Он не верил уже ни в какие «крепости на Днепре», знал, что скоро сам вот так же будет гнуться под чужим забором, и пытался чем только мог помочь беглецам. А впрочем, Шуляк уже не властвовал в Микуличах безраздельно, как бывало раньше. Здесь появились полевые жандармы — в темных плащах, с блестящими бляхами на груди, а в сборне теперь восседал немецкий военный комендант; староста был у него на побегушках — куда пошлют. Немцы непрерывно требовали хлеба, мяса, требовали и людей — рыть окопы над Днепром.
Шли дожди, а хлеб так и стоял в копнах и скирдах — молотить некому. Как-то ночью у паровика, который крутил молотилку, оказалось разворочено все нутро, а сторож из приймаков-окруженцев исчез вместе с женой. Молотили теперь вручную, но снова забота: кому молотить? Старого и малого — всех сгоняли на окопы, а бабы, которых Степану удавалось захватить поутру, махали цепами, как неживые, работали, как мокрое горит, да и то, пока староста стоял над душой.
Забойного скота, кроме коз, в селе не осталось вовсе, а козами немцы брезговали. Солдаты ходили по дворам, вылавливая последних кур. Шуляк поклялся коменданту, что мяса, мол, нет и взять неоткуда. Но в тот же день полевые жандармы нашли вола: его прятал в погребе колхозный пастух. Деда забили прикладами, вола отвели на немецкую кухню, а Шуляка комендант вызвал к себе. Комендант сидел за столом, за которым еще недавно красовался сам Степан. Староста нелепо торчал посреди сборни и мял в руках картуз. Немец через переводчика спросил, есть ли у него дома крепкая веревка. Шуляк радостно и не без гордости ответил:
— Конопляная есть, пан комендант.
— Комендант велит тебе сделать петлю и привязать на груше, — перевел толмач.
Комендант согласно закивал головой, показывая на грушу под окнами. Что поделаешь, Шуляк потрусил в комору и нашел крепкую, с синевой, будто капустой ее натирали, веревку, — выбирать, слава богу, было из чего. Пока вязал петлю да тащил лестницу, чтоб достать до ветки, дождь прекратился, из-за тучи брызнуло солнце. «Этот порядок наведет», — не без зависти думал Шуляк. О немецких порядках он давно был самого высокого мнения.
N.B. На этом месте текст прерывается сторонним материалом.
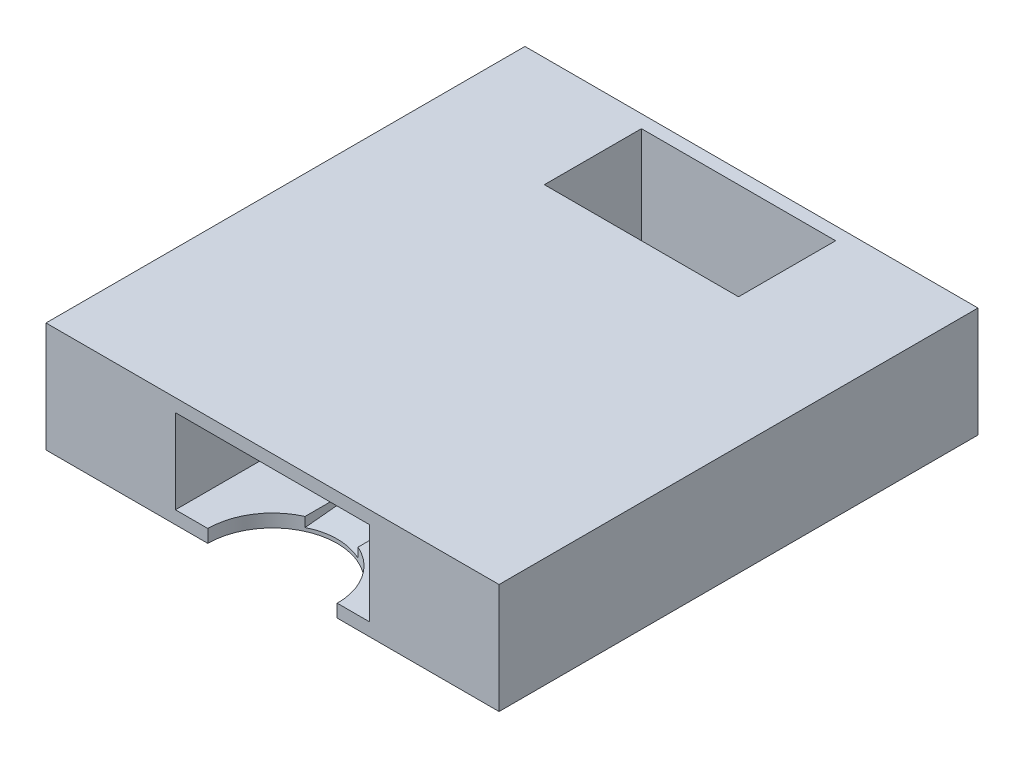
ISO-10303-21;
HEADER;
FILE_DESCRIPTION(('STEP AP214'),'2;1');
FILE_NAME('part.step','',(''),(''),'','','');
FILE_SCHEMA(('AUTOMOTIVE_DESIGN { 1 0 10303 214 1 1 1 1 }'));
ENDSEC;
DATA;
#1=APPLICATION_CONTEXT('core data for automotive mechanical design processes');
#2=APPLICATION_PROTOCOL_DEFINITION('international standard','automotive_design',2000,#1);
#3=PRODUCT_CONTEXT('',#1,'mechanical');
#4=PRODUCT('Part','Part','',(#3));
#5=PRODUCT_RELATED_PRODUCT_CATEGORY('part','',(#4));
#6=PRODUCT_DEFINITION_FORMATION('','',#4);
#7=PRODUCT_DEFINITION_CONTEXT('part definition',#1,'design');
#8=PRODUCT_DEFINITION('design','',#6,#7);
#9=PRODUCT_DEFINITION_SHAPE('','',#8);
#10=(LENGTH_UNIT() NAMED_UNIT(*) SI_UNIT(.MILLI.,.METRE.));
#11=(NAMED_UNIT(*) PLANE_ANGLE_UNIT() SI_UNIT($,.RADIAN.));
#12=(NAMED_UNIT(*) SI_UNIT($,.STERADIAN.) SOLID_ANGLE_UNIT());
#13=UNCERTAINTY_MEASURE_WITH_UNIT(LENGTH_MEASURE(1.E-05),#10,'distance_accuracy_value','');
#14=(GEOMETRIC_REPRESENTATION_CONTEXT(3) GLOBAL_UNCERTAINTY_ASSIGNED_CONTEXT((#13)) GLOBAL_UNIT_ASSIGNED_CONTEXT((#10,
#11,#12)) REPRESENTATION_CONTEXT('',''));
#15=CARTESIAN_POINT('',(0.,0.,0.));
#16=DIRECTION('',(0.,0.,1.));
#17=DIRECTION('',(1.,0.,0.));
#18=AXIS2_PLACEMENT_3D('',#15,#16,#17);
#19=CARTESIAN_POINT('',(-35.,15.,50.));
#20=DIRECTION('',(1.,0.,0.));
#21=DIRECTION('',(0.,0.,-1.));
#22=AXIS2_PLACEMENT_3D('',#19,#20,#21);
#23=PLANE('',#22);
#24=DIRECTION('',(0.,1.,0.));
#25=VECTOR('',#24,1.);
#26=CARTESIAN_POINT('',(-35.,0.,-24.));
#27=LINE('',#26,#25);
#28=CARTESIAN_POINT('',(-35.,0.,-24.));
#29=VERTEX_POINT('',#28);
#30=CARTESIAN_POINT('',(-35.,17.,-24.));
#31=VERTEX_POINT('',#30);
#32=EDGE_CURVE('E53',#29,#31,#27,.T.);
#33=ORIENTED_EDGE('',*,*,#32,.F.);
#34=DIRECTION('',(0.,0.,1.));
#35=VECTOR('',#34,1.);
#36=CARTESIAN_POINT('',(-35.,0.,50.));
#37=LINE('',#36,#35);
#38=CARTESIAN_POINT('',(-35.,0.,50.));
#39=VERTEX_POINT('',#38);
#40=EDGE_CURVE('E189',#29,#39,#37,.T.);
#41=ORIENTED_EDGE('',*,*,#40,.T.);
#42=DIRECTION('',(0.,-1.,0.));
#43=VECTOR('',#42,1.);
#44=CARTESIAN_POINT('',(-35.,15.,50.));
#45=LINE('',#44,#43);
#46=CARTESIAN_POINT('',(-35.,17.,50.));
#47=VERTEX_POINT('',#46);
#48=EDGE_CURVE('E206',#47,#39,#45,.T.);
#49=ORIENTED_EDGE('',*,*,#48,.F.);
#50=DIRECTION('',(0.,0.,1.));
#51=VECTOR('',#50,1.);
#52=CARTESIAN_POINT('',(-35.,17.,-6.99999999999998));
#53=LINE('',#52,#51);
#54=EDGE_CURVE('E188',#31,#47,#53,.T.);
#55=ORIENTED_EDGE('',*,*,#54,.F.);
#56=EDGE_LOOP('',(#33,#41,#49,#55));
#57=FACE_BOUND('',#56,.T.);
#58=ADVANCED_FACE('F39',(#57),#23,.F.);
#59=CARTESIAN_POINT('',(0.,0.,0.));
#60=DIRECTION('',(0.,-1.,0.));
#61=DIRECTION('',(0.,0.,-1.));
#62=AXIS2_PLACEMENT_3D('',#59,#60,#61);
#63=PLANE('',#62);
#64=DIRECTION('',(0.,0.,-1.));
#65=VECTOR('',#64,1.);
#66=CARTESIAN_POINT('',(4.5,0.,34.2618690071711));
#67=LINE('',#66,#65);
#68=CARTESIAN_POINT('',(4.5,0.,35.8618690071711));
#69=VERTEX_POINT('',#68);
#70=CARTESIAN_POINT('',(4.5,0.,34.2618690071711));
#71=VERTEX_POINT('',#70);
#72=EDGE_CURVE('E284',#69,#71,#67,.T.);
#73=ORIENTED_EDGE('',*,*,#72,.T.);
#74=DIRECTION('',(-1.,0.,0.));
#75=VECTOR('',#74,1.);
#76=CARTESIAN_POINT('',(-4.5,0.,34.2618690071711));
#77=LINE('',#76,#75);
#78=CARTESIAN_POINT('',(-4.5,0.,34.2618690071711));
#79=VERTEX_POINT('',#78);
#80=EDGE_CURVE('E297',#71,#79,#77,.T.);
#81=ORIENTED_EDGE('',*,*,#80,.T.);
#82=DIRECTION('',(0.,0.,1.));
#83=VECTOR('',#82,1.);
#84=CARTESIAN_POINT('',(-4.5,0.,34.2618690071711));
#85=LINE('',#84,#83);
#86=CARTESIAN_POINT('',(-4.5,0.,35.8618690071711));
#87=VERTEX_POINT('',#86);
#88=EDGE_CURVE('E300',#79,#87,#85,.T.);
#89=ORIENTED_EDGE('',*,*,#88,.T.);
#90=DIRECTION('',(1.,0.,0.));
#91=VECTOR('',#90,1.);
#92=CARTESIAN_POINT('',(-4.5,0.,35.8618690071711));
#93=LINE('',#92,#91);
#94=EDGE_CURVE('E280',#87,#69,#93,.T.);
#95=ORIENTED_EDGE('',*,*,#94,.T.);
#96=EDGE_LOOP('',(#73,#81,#89,#95));
#97=FACE_BOUND('',#96,.T.);
#98=ORIENTED_EDGE('',*,*,#40,.F.);
#99=DIRECTION('',(1.,0.,0.));
#100=VECTOR('',#99,1.);
#101=CARTESIAN_POINT('',(-35.,0.,-24.));
#102=LINE('',#101,#100);
#103=CARTESIAN_POINT('',(35.,0.,-24.));
#104=VERTEX_POINT('',#103);
#105=EDGE_CURVE('E174',#29,#104,#102,.T.);
#106=ORIENTED_EDGE('',*,*,#105,.T.);
#107=DIRECTION('',(0.,0.,-1.));
#108=VECTOR('',#107,1.);
#109=CARTESIAN_POINT('',(35.,0.,50.));
#110=LINE('',#109,#108);
#111=CARTESIAN_POINT('',(35.,0.,50.));
#112=VERTEX_POINT('',#111);
#113=EDGE_CURVE('E197',#112,#104,#110,.T.);
#114=ORIENTED_EDGE('',*,*,#113,.F.);
#115=DIRECTION('',(1.,0.,0.));
#116=VECTOR('',#115,1.);
#117=CARTESIAN_POINT('',(-35.,0.,50.));
#118=LINE('',#117,#116);
#119=CARTESIAN_POINT('',(10.,0.,50.));
#120=VERTEX_POINT('',#119);
#121=EDGE_CURVE('E200',#120,#112,#118,.T.);
#122=ORIENTED_EDGE('',*,*,#121,.F.);
#123=CARTESIAN_POINT('',(0.,0.,50.));
#124=DIRECTION('',(0.,-1.,0.));
#125=DIRECTION('',(0.,0.,1.));
#126=AXIS2_PLACEMENT_3D('',#123,#124,#125);
#127=CIRCLE('',#126,10.);
#128=CARTESIAN_POINT('',(-10.,0.,50.));
#129=VERTEX_POINT('',#128);
#130=EDGE_CURVE('E266',#129,#120,#127,.T.);
#131=ORIENTED_EDGE('',*,*,#130,.F.);
#132=EDGE_CURVE('E196',#39,#129,#118,.T.);
#133=ORIENTED_EDGE('',*,*,#132,.F.);
#134=EDGE_LOOP('',(#98,#106,#114,#122,#131,#133));
#135=FACE_BOUND('',#134,.T.);
#136=ADVANCED_FACE('F194',(#97,#135),#63,.T.);
#137=CARTESIAN_POINT('',(0.,0.,-22.));
#138=DIRECTION('',(0.,0.,1.));
#139=DIRECTION('',(1.,0.,0.));
#140=AXIS2_PLACEMENT_3D('',#137,#138,#139);
#141=PLANE('',#140);
#142=DIRECTION('',(1.,0.,0.));
#143=VECTOR('',#142,1.);
#144=CARTESIAN_POINT('',(-35.,17.,-22.));
#145=LINE('',#144,#143);
#146=CARTESIAN_POINT('',(-15.,17.,-22.));
#147=VERTEX_POINT('',#146);
#148=CARTESIAN_POINT('',(15.,17.,-22.));
#149=VERTEX_POINT('',#148);
#150=EDGE_CURVE('E322',#147,#149,#145,.T.);
#151=ORIENTED_EDGE('',*,*,#150,.F.);
#152=DIRECTION('',(0.,-1.,0.));
#153=VECTOR('',#152,1.);
#154=CARTESIAN_POINT('',(-15.,2.,-22.));
#155=LINE('',#154,#153);
#156=CARTESIAN_POINT('',(-15.,2.,-22.));
#157=VERTEX_POINT('',#156);
#158=EDGE_CURVE('E65',#147,#157,#155,.T.);
#159=ORIENTED_EDGE('',*,*,#158,.T.);
#160=DIRECTION('',(1.,0.,0.));
#161=VECTOR('',#160,1.);
#162=CARTESIAN_POINT('',(-15.,2.,-22.));
#163=LINE('',#162,#161);
#164=CARTESIAN_POINT('',(15.,2.00000000000001,-22.));
#165=VERTEX_POINT('',#164);
#166=EDGE_CURVE('E252',#157,#165,#163,.T.);
#167=ORIENTED_EDGE('',*,*,#166,.T.);
#168=DIRECTION('',(0.,1.,0.));
#169=VECTOR('',#168,1.);
#170=CARTESIAN_POINT('',(15.,15.,-22.));
#171=LINE('',#170,#169);
#172=EDGE_CURVE('E240',#165,#149,#171,.T.);
#173=ORIENTED_EDGE('',*,*,#172,.T.);
#174=EDGE_LOOP('',(#151,#159,#167,#173));
#175=FACE_BOUND('',#174,.T.);
#176=ADVANCED_FACE('F361',(#175),#141,.T.);
#177=CARTESIAN_POINT('',(35.,17.,-6.99999999999999));
#178=DIRECTION('',(0.,0.,1.));
#179=DIRECTION('',(1.,0.,0.));
#180=AXIS2_PLACEMENT_3D('',#177,#178,#179);
#181=PLANE('',#180);
#182=DIRECTION('',(0.,-1.,0.));
#183=VECTOR('',#182,1.);
#184=CARTESIAN_POINT('',(-15.,17.,-6.99999999999999));
#185=LINE('',#184,#183);
#186=CARTESIAN_POINT('',(-15.,17.,-6.99999999999999));
#187=VERTEX_POINT('',#186);
#188=CARTESIAN_POINT('',(-15.,15.,-6.99999999999999));
#189=VERTEX_POINT('',#188);
#190=EDGE_CURVE('E323',#187,#189,#185,.T.);
#191=ORIENTED_EDGE('',*,*,#190,.F.);
#192=DIRECTION('',(-1.,0.,0.));
#193=VECTOR('',#192,1.);
#194=CARTESIAN_POINT('',(35.,17.,-6.99999999999999));
#195=LINE('',#194,#193);
#196=CARTESIAN_POINT('',(15.,17.,-6.99999999999999));
#197=VERTEX_POINT('',#196);
#198=EDGE_CURVE('E316',#197,#187,#195,.T.);
#199=ORIENTED_EDGE('',*,*,#198,.F.);
#200=DIRECTION('',(0.,-1.,0.));
#201=VECTOR('',#200,1.);
#202=CARTESIAN_POINT('',(15.,17.,-6.99999999999999));
#203=LINE('',#202,#201);
#204=CARTESIAN_POINT('',(15.,15.,-6.99999999999999));
#205=VERTEX_POINT('',#204);
#206=EDGE_CURVE('E342',#197,#205,#203,.T.);
#207=ORIENTED_EDGE('',*,*,#206,.T.);
#208=DIRECTION('',(-1.,0.,0.));
#209=VECTOR('',#208,1.);
#210=CARTESIAN_POINT('',(35.,15.,-6.99999999999999));
#211=LINE('',#210,#209);
#212=EDGE_CURVE('E326',#205,#189,#211,.T.);
#213=ORIENTED_EDGE('',*,*,#212,.T.);
#214=EDGE_LOOP('',(#191,#199,#207,#213));
#215=FACE_BOUND('',#214,.T.);
#216=ADVANCED_FACE('F368',(#215),#181,.F.);
#217=CARTESIAN_POINT('',(0.,72.,50.));
#218=DIRECTION('',(0.,-1.,0.));
#219=DIRECTION('',(0.,0.,-1.));
#220=AXIS2_PLACEMENT_3D('',#217,#218,#219);
#221=CYLINDRICAL_SURFACE('',#220,10.);
#222=DIRECTION('',(0.,-1.,0.));
#223=VECTOR('',#222,1.);
#224=CARTESIAN_POINT('',(4.1,72.,40.8791447769412));
#225=LINE('',#224,#223);
#226=CARTESIAN_POINT('',(4.1,2.,40.8791447769412));
#227=VERTEX_POINT('',#226);
#228=CARTESIAN_POINT('',(4.1,0.510423286294755,40.8791447769412));
#229=VERTEX_POINT('',#228);
#230=EDGE_CURVE('E213',#227,#229,#225,.T.);
#231=ORIENTED_EDGE('',*,*,#230,.T.);
#232=CARTESIAN_POINT('',(0.,-0.379573303725469,50.));
#233=DIRECTION('',(0.,0.995272977540471,0.0971169407349985));
#234=DIRECTION('',(0.,-0.0971169407349985,0.995272977540471));
#235=AXIS2_PLACEMENT_3D('',#232,#233,#234);
#236=ELLIPSE('',#235,10.0474947332662,10.);
#237=CARTESIAN_POINT('',(-4.1,0.510423286294751,40.8791447769412));
#238=VERTEX_POINT('',#237);
#239=EDGE_CURVE('E11',#238,#229,#236,.F.);
#240=ORIENTED_EDGE('',*,*,#239,.F.);
#241=DIRECTION('',(0.,-1.,0.));
#242=VECTOR('',#241,1.);
#243=CARTESIAN_POINT('',(-4.10000000000003,72.,40.8791447769411));
#244=LINE('',#243,#242);
#245=CARTESIAN_POINT('',(-4.10000000000003,2.,40.8791447769411));
#246=VERTEX_POINT('',#245);
#247=EDGE_CURVE('E50',#238,#246,#244,.F.);
#248=ORIENTED_EDGE('',*,*,#247,.T.);
#249=CARTESIAN_POINT('',(0.,2.,50.));
#250=DIRECTION('',(0.,-1.,0.));
#251=DIRECTION('',(1.,0.,0.));
#252=AXIS2_PLACEMENT_3D('',#249,#250,#251);
#253=CIRCLE('',#252,10.);
#254=CARTESIAN_POINT('',(-10.,2.,50.));
#255=VERTEX_POINT('',#254);
#256=EDGE_CURVE('E212',#255,#246,#253,.T.);
#257=ORIENTED_EDGE('',*,*,#256,.F.);
#258=DIRECTION('',(0.,-1.,0.));
#259=VECTOR('',#258,1.);
#260=CARTESIAN_POINT('',(-10.,72.,50.));
#261=LINE('',#260,#259);
#262=EDGE_CURVE('E265',#255,#129,#261,.T.);
#263=ORIENTED_EDGE('',*,*,#262,.T.);
#264=ORIENTED_EDGE('',*,*,#130,.T.);
#265=DIRECTION('',(0.,-1.,0.));
#266=VECTOR('',#265,1.);
#267=CARTESIAN_POINT('',(10.,72.,50.));
#268=LINE('',#267,#266);
#269=CARTESIAN_POINT('',(9.99999999999998,2.,50.));
#270=VERTEX_POINT('',#269);
#271=EDGE_CURVE('E264',#270,#120,#268,.T.);
#272=ORIENTED_EDGE('',*,*,#271,.F.);
#273=EDGE_CURVE('E208',#227,#270,#253,.T.);
#274=ORIENTED_EDGE('',*,*,#273,.F.);
#275=EDGE_LOOP('',(#231,#240,#248,#257,#263,#264,#272,#274));
#276=FACE_BOUND('',#275,.T.);
#277=ADVANCED_FACE('F218',(#276),#221,.F.);
#278=CARTESIAN_POINT('',(-4.5,0.,35.8618690071711));
#279=DIRECTION('',(0.,0.,1.));
#280=DIRECTION('',(1.,0.,0.));
#281=AXIS2_PLACEMENT_3D('',#278,#279,#280);
#282=PLANE('',#281);
#283=DIRECTION('',(0.,1.,0.));
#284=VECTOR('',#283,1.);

Правда, как покатился немец под горку, так сразу и немецкий порядок изрядно поблек в Степановых глазах. «И все ж правы немцы, — рассуждал он, пробуя, легко ли скользит петля, — наши люди только строгость и разумеют, с ними иначе нельзя».
Степан оглянулся на окна сборни, но комендант с переводчиком уже направлялись к нему. Уголки губ на лице коменданта растянулись в усмешке, а глаза были холодными, и Шуляк испугался. Брезгливо, двумя пальцами комендант взял его под локоть и повел к петле.
— Пан комендант приказывают вам стоять здесь, пока зайдет солнце, и думать, как надо исполнять приказы немецких властей, — сказал переводчик. — А пан комендант пока решат, повесить вас сегодня или…
До захода был еще добрый час. Петля легонько раскачивалась над непокрытой головой Степана, протяни руку и достанешь. По улице от Днепра катились обозы, немцы указывали на Шуляка пальцами и скалили зубы. Подростки, везшие с тока на ферму зерно, испуганно зыркнули на старосту, застывшего под петлей, потом, дружно прыснув в кулаки, погнали своих коней дальше. Прошли несколько парней с лопатами на плечах, возвращались с окопов под охраной чужих полицаев:
— Долго думаете, пан староста!
— Может, помочь?
— Это ему орден такой выдали…
Кто это выкрикивал, Шуляк не разобрал, далеченько было, но крайних приметил. Микулицкие полицаи, поняв, что их старосте приходится туго, разбежались по углам, как мыши. Ни одного сочувственного взгляда не уловил Степан. Хоть бы капля жалости промелькнула в чьих-нибудь глазах. Вот так и погибнет ни за понюх табака, зароют потом, как падло какое, никто и не заплачет, Лиза тоже враг, тоже ненавидит его. Как же дошел он до жизни такой, что вокруг — одни враги? Ну пусть нашим он зад показал, но ведь к немцу-то передом повернулся, стлался по земле, служил, как последний пес, гавкал и кусал, хозяевам руки лизал — и такая благодарность! Тось прав: теперь мы нигде не нужны — ни тут, ни там.